EXERCISE OBJECTIVE:
Give the line with "arc A79 (14.4082, 20.8352)" again, along with every line below it to the end of the records, word for word.

DATA RECORDS:
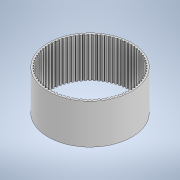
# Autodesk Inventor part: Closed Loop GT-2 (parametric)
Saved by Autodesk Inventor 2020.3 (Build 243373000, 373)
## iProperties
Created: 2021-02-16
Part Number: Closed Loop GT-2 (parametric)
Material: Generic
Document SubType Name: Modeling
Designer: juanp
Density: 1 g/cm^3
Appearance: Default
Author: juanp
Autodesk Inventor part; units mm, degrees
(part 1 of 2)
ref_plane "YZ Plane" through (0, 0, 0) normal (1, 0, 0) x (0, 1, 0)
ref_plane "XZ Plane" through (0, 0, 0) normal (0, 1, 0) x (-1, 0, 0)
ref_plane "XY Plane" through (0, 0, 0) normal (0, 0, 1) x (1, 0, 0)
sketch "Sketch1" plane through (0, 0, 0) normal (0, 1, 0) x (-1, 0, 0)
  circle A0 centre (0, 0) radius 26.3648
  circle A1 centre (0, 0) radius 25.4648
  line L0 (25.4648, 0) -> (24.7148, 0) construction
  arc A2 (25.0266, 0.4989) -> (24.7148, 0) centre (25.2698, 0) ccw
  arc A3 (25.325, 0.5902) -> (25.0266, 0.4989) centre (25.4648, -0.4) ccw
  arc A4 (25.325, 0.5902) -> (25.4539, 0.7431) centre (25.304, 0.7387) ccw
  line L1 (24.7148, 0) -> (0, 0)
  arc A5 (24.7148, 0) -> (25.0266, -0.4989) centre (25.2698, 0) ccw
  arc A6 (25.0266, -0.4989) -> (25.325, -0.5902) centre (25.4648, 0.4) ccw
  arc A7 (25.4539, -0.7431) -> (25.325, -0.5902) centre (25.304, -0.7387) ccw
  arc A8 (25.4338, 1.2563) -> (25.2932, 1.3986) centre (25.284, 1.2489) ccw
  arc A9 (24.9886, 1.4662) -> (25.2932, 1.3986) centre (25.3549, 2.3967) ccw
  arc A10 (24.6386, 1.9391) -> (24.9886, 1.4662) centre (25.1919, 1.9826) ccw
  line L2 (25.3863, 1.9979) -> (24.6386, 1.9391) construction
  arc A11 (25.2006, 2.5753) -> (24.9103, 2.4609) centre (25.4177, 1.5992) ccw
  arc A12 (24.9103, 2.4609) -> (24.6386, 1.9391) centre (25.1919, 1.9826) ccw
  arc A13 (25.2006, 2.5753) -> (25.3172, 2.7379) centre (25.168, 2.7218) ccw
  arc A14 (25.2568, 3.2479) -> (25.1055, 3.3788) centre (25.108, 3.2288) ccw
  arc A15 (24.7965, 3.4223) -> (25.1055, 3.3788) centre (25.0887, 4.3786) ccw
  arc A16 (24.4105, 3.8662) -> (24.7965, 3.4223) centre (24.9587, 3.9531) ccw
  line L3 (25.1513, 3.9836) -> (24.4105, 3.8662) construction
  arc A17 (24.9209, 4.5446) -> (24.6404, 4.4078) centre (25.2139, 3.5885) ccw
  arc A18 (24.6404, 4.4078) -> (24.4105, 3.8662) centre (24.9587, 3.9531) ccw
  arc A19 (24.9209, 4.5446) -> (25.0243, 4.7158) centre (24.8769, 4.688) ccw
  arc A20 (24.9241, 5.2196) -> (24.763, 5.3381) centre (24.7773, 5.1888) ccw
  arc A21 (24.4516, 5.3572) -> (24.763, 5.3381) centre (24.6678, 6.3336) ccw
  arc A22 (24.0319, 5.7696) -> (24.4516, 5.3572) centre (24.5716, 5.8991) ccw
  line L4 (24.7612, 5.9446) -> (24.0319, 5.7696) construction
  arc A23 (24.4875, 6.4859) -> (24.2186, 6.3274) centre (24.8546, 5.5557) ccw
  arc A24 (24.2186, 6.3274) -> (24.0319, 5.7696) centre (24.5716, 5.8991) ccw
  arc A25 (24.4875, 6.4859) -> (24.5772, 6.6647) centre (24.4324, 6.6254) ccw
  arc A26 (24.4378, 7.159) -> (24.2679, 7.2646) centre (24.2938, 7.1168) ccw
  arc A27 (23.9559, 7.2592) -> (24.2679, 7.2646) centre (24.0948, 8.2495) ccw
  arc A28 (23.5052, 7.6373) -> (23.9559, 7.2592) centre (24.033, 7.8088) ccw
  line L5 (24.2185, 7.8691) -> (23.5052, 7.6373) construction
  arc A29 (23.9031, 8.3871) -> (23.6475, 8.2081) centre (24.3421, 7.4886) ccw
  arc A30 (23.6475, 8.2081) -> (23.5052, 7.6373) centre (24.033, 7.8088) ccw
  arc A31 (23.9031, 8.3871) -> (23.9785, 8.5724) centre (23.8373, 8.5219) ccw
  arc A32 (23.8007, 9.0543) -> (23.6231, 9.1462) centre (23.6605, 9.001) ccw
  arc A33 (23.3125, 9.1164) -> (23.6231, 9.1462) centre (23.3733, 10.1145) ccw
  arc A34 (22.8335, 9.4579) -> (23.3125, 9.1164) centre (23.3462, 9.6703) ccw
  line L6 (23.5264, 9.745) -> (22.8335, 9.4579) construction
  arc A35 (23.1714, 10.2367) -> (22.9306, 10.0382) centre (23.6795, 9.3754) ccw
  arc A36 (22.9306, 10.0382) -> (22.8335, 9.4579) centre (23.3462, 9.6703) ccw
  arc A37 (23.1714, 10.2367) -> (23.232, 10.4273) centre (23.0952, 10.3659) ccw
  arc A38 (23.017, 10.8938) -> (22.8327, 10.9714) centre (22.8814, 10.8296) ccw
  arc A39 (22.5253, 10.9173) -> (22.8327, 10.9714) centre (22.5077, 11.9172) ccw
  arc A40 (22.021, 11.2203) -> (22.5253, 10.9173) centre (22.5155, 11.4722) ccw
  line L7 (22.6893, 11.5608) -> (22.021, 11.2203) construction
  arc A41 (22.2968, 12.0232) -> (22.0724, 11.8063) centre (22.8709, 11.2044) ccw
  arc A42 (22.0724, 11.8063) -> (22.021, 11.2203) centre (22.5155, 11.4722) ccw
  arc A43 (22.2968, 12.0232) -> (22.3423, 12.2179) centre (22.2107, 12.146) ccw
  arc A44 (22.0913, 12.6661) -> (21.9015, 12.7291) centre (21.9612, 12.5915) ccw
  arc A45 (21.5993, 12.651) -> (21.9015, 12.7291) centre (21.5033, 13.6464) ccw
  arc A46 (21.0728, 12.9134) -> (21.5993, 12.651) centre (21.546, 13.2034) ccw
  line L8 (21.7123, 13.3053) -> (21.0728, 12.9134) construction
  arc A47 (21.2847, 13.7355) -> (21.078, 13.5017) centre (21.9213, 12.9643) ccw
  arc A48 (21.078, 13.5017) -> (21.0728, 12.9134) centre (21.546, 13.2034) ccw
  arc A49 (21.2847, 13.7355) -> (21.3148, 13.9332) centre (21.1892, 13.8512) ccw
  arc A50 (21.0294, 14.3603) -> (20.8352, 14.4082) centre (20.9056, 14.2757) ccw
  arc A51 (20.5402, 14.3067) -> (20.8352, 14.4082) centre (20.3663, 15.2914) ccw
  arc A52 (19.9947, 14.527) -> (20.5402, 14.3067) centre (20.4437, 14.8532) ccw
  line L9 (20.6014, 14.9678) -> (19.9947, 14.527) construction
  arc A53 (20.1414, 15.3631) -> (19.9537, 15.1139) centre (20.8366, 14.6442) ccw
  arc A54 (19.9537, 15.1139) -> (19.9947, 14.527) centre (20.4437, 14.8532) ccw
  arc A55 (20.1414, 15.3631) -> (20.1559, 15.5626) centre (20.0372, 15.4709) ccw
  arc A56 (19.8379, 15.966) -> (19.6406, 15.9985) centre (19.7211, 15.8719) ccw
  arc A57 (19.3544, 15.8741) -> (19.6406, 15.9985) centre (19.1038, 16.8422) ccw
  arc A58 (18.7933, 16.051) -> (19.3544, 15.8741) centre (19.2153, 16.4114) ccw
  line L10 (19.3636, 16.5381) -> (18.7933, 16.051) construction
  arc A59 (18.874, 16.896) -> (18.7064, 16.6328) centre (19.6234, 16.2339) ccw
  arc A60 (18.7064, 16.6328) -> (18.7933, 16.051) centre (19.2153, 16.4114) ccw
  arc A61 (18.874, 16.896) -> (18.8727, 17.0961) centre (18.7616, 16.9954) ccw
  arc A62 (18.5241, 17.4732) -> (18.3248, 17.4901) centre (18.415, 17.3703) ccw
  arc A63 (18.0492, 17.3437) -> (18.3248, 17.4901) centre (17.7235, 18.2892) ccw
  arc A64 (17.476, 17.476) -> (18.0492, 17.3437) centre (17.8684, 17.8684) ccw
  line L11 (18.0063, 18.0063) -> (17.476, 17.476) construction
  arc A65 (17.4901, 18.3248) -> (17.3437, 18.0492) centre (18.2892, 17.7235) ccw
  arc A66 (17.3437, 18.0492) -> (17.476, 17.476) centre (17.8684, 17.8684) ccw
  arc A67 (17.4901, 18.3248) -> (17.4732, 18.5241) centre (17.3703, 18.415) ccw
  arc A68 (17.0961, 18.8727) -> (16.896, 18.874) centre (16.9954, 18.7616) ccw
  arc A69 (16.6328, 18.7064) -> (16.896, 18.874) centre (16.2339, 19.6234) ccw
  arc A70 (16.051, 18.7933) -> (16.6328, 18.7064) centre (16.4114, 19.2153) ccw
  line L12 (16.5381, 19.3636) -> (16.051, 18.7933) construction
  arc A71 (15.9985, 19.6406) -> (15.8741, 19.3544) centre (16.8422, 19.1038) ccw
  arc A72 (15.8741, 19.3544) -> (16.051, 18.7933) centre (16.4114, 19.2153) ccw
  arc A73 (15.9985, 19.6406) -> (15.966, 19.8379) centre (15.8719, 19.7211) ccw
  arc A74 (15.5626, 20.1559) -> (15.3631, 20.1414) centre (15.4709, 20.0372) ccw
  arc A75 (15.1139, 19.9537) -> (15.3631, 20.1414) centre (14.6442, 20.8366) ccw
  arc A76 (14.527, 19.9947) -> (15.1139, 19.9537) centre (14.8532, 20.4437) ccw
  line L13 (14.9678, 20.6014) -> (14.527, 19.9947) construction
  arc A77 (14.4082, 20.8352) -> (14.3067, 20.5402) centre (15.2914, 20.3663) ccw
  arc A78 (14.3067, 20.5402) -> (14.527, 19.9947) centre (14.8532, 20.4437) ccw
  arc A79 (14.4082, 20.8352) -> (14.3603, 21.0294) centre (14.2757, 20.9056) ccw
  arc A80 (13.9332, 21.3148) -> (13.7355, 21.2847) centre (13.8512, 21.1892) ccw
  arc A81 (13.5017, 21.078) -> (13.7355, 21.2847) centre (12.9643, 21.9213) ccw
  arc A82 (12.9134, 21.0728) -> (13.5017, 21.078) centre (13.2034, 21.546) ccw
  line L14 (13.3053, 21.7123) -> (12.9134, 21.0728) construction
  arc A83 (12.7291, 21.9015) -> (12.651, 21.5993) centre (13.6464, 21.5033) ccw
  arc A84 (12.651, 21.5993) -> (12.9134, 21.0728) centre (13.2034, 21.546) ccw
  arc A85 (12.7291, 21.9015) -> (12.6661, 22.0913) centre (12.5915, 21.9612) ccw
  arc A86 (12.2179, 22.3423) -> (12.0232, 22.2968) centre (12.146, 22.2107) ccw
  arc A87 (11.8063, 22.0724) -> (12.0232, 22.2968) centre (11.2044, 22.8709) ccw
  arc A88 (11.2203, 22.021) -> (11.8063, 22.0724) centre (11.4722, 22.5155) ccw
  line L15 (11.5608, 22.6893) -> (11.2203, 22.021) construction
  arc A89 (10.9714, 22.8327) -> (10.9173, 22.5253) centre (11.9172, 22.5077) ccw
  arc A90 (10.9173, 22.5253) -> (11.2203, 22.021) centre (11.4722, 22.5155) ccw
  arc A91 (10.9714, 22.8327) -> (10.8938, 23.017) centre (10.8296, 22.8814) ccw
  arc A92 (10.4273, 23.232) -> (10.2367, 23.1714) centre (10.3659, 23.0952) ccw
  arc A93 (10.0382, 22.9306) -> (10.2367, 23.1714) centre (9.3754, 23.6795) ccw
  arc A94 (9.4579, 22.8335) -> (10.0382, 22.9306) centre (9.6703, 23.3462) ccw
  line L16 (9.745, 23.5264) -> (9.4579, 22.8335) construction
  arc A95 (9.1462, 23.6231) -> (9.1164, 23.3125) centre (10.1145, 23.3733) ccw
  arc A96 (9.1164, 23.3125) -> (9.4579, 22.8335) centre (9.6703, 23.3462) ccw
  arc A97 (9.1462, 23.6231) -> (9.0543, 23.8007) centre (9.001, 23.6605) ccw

WRITTEN RESPONSE:
  arc A79 (14.4082, 20.8352) -> (14.3603, 21.0294) centre (14.2757, 20.9056) ccw
  arc A80 (13.9332, 21.3148) -> (13.7355, 21.2847) centre (13.8512, 21.1892) ccw
  arc A81 (13.5017, 21.078) -> (13.7355, 21.2847) centre (12.9643, 21.9213) ccw
  arc A82 (12.9134, 21.0728) -> (13.5017, 21.078) centre (13.2034, 21.546) ccw
  line L14 (13.3053, 21.7123) -> (12.9134, 21.0728) construction
  arc A83 (12.7291, 21.9015) -> (12.651, 21.5993) centre (13.6464, 21.5033) ccw
  arc A84 (12.651, 21.5993) -> (12.9134, 21.0728) centre (13.2034, 21.546) ccw
  arc A85 (12.7291, 21.9015) -> (12.6661, 22.0913) centre (12.5915, 21.9612) ccw
  arc A86 (12.2179, 22.3423) -> (12.0232, 22.2968) centre (12.146, 22.2107) ccw
  arc A87 (11.8063, 22.0724) -> (12.0232, 22.2968) centre (11.2044, 22.8709) ccw
  arc A88 (11.2203, 22.021) -> (11.8063, 22.0724) centre (11.4722, 22.5155) ccw
  line L15 (11.5608, 22.6893) -> (11.2203, 22.021) construction
  arc A89 (10.9714, 22.8327) -> (10.9173, 22.5253) centre (11.9172, 22.5077) ccw
  arc A90 (10.9173, 22.5253) -> (11.2203, 22.021) centre (11.4722, 22.5155) ccw
  arc A91 (10.9714, 22.8327) -> (10.8938, 23.017) centre (10.8296, 22.8814) ccw
  arc A92 (10.4273, 23.232) -> (10.2367, 23.1714) centre (10.3659, 23.0952) ccw
  arc A93 (10.0382, 22.9306) -> (10.2367, 23.1714) centre (9.3754, 23.6795) ccw
  arc A94 (9.4579, 22.8335) -> (10.0382, 22.9306) centre (9.6703, 23.3462) ccw
  line L16 (9.745, 23.5264) -> (9.4579, 22.8335) construction
  arc A95 (9.1462, 23.6231) -> (9.1164, 23.3125) centre (10.1145, 23.3733) ccw
  arc A96 (9.1164, 23.3125) -> (9.4579, 22.8335) centre (9.6703, 23.3462) ccw
  arc A97 (9.1462, 23.6231) -> (9.0543, 23.8007) centre (9.001, 23.6605) ccw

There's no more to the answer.